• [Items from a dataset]
Segment Open
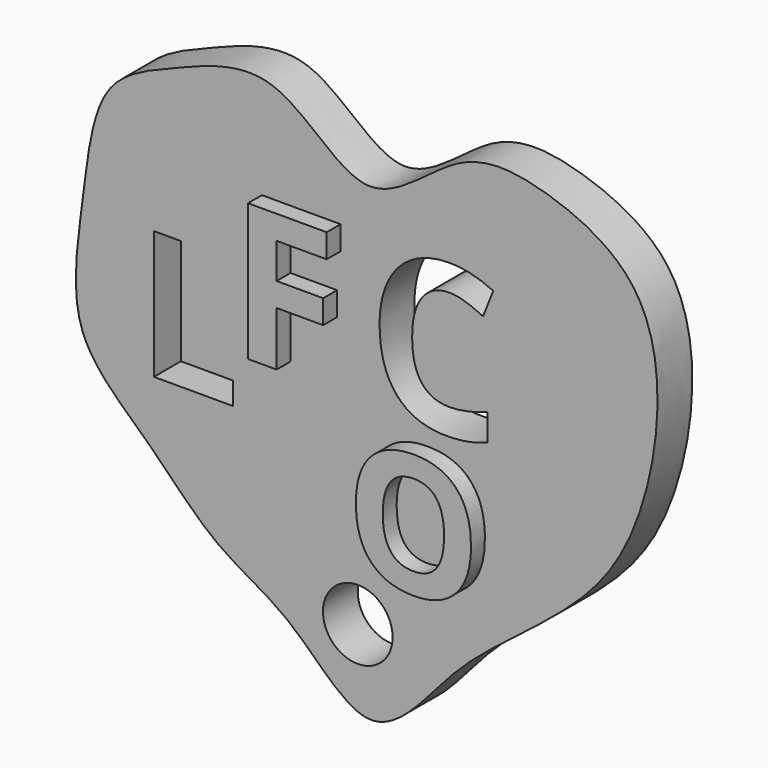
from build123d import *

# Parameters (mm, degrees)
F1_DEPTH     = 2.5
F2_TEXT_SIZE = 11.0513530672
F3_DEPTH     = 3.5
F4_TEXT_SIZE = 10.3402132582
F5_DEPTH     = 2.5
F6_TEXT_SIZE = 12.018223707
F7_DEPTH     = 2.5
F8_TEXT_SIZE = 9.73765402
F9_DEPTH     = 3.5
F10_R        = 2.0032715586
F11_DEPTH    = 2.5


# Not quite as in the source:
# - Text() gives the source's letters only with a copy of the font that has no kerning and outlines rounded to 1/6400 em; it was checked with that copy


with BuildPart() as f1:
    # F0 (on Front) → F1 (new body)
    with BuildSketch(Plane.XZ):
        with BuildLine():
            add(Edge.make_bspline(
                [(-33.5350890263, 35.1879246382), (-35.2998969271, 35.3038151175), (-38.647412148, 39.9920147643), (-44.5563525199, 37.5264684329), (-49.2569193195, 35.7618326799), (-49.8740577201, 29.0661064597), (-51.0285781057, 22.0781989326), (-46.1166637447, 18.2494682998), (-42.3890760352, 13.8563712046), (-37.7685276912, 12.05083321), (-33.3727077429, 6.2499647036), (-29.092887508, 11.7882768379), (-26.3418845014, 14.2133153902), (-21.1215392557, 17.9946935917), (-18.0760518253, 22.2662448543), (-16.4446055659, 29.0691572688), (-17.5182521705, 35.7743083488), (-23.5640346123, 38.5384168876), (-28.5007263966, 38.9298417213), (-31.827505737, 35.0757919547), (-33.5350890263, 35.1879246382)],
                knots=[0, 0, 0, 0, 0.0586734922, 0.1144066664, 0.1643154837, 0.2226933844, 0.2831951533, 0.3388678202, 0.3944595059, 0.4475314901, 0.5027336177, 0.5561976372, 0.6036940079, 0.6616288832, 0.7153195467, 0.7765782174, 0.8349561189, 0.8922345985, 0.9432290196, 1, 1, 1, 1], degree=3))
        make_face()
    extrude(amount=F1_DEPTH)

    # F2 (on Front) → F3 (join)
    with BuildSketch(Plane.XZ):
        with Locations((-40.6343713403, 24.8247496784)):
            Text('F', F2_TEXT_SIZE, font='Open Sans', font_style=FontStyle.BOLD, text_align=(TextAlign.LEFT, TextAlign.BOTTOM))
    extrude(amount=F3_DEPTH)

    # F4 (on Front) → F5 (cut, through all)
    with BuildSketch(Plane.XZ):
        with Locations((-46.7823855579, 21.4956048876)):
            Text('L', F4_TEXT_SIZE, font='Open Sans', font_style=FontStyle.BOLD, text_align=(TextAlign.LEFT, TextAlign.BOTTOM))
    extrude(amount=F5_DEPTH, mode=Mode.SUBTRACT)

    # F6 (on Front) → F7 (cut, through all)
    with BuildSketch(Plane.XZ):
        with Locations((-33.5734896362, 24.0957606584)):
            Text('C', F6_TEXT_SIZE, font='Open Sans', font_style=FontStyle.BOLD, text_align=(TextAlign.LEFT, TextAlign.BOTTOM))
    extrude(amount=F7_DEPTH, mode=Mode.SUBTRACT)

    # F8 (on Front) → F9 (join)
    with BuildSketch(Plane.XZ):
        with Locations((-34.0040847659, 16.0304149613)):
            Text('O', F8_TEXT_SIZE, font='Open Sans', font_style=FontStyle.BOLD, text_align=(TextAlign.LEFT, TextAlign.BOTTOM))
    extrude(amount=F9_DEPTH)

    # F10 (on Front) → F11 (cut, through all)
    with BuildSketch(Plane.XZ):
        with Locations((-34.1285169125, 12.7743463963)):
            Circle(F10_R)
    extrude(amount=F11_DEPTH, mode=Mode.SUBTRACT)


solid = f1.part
Segment Closed
• [Task item]
Check the lines above and copy each one that includes "source".

• [Answer for the task]
# Not quite as in the source:
# - Text() gives the source's letters only with a copy of the font that has no kerning and outlines rounded to 1/6400 em; it was checked with that copy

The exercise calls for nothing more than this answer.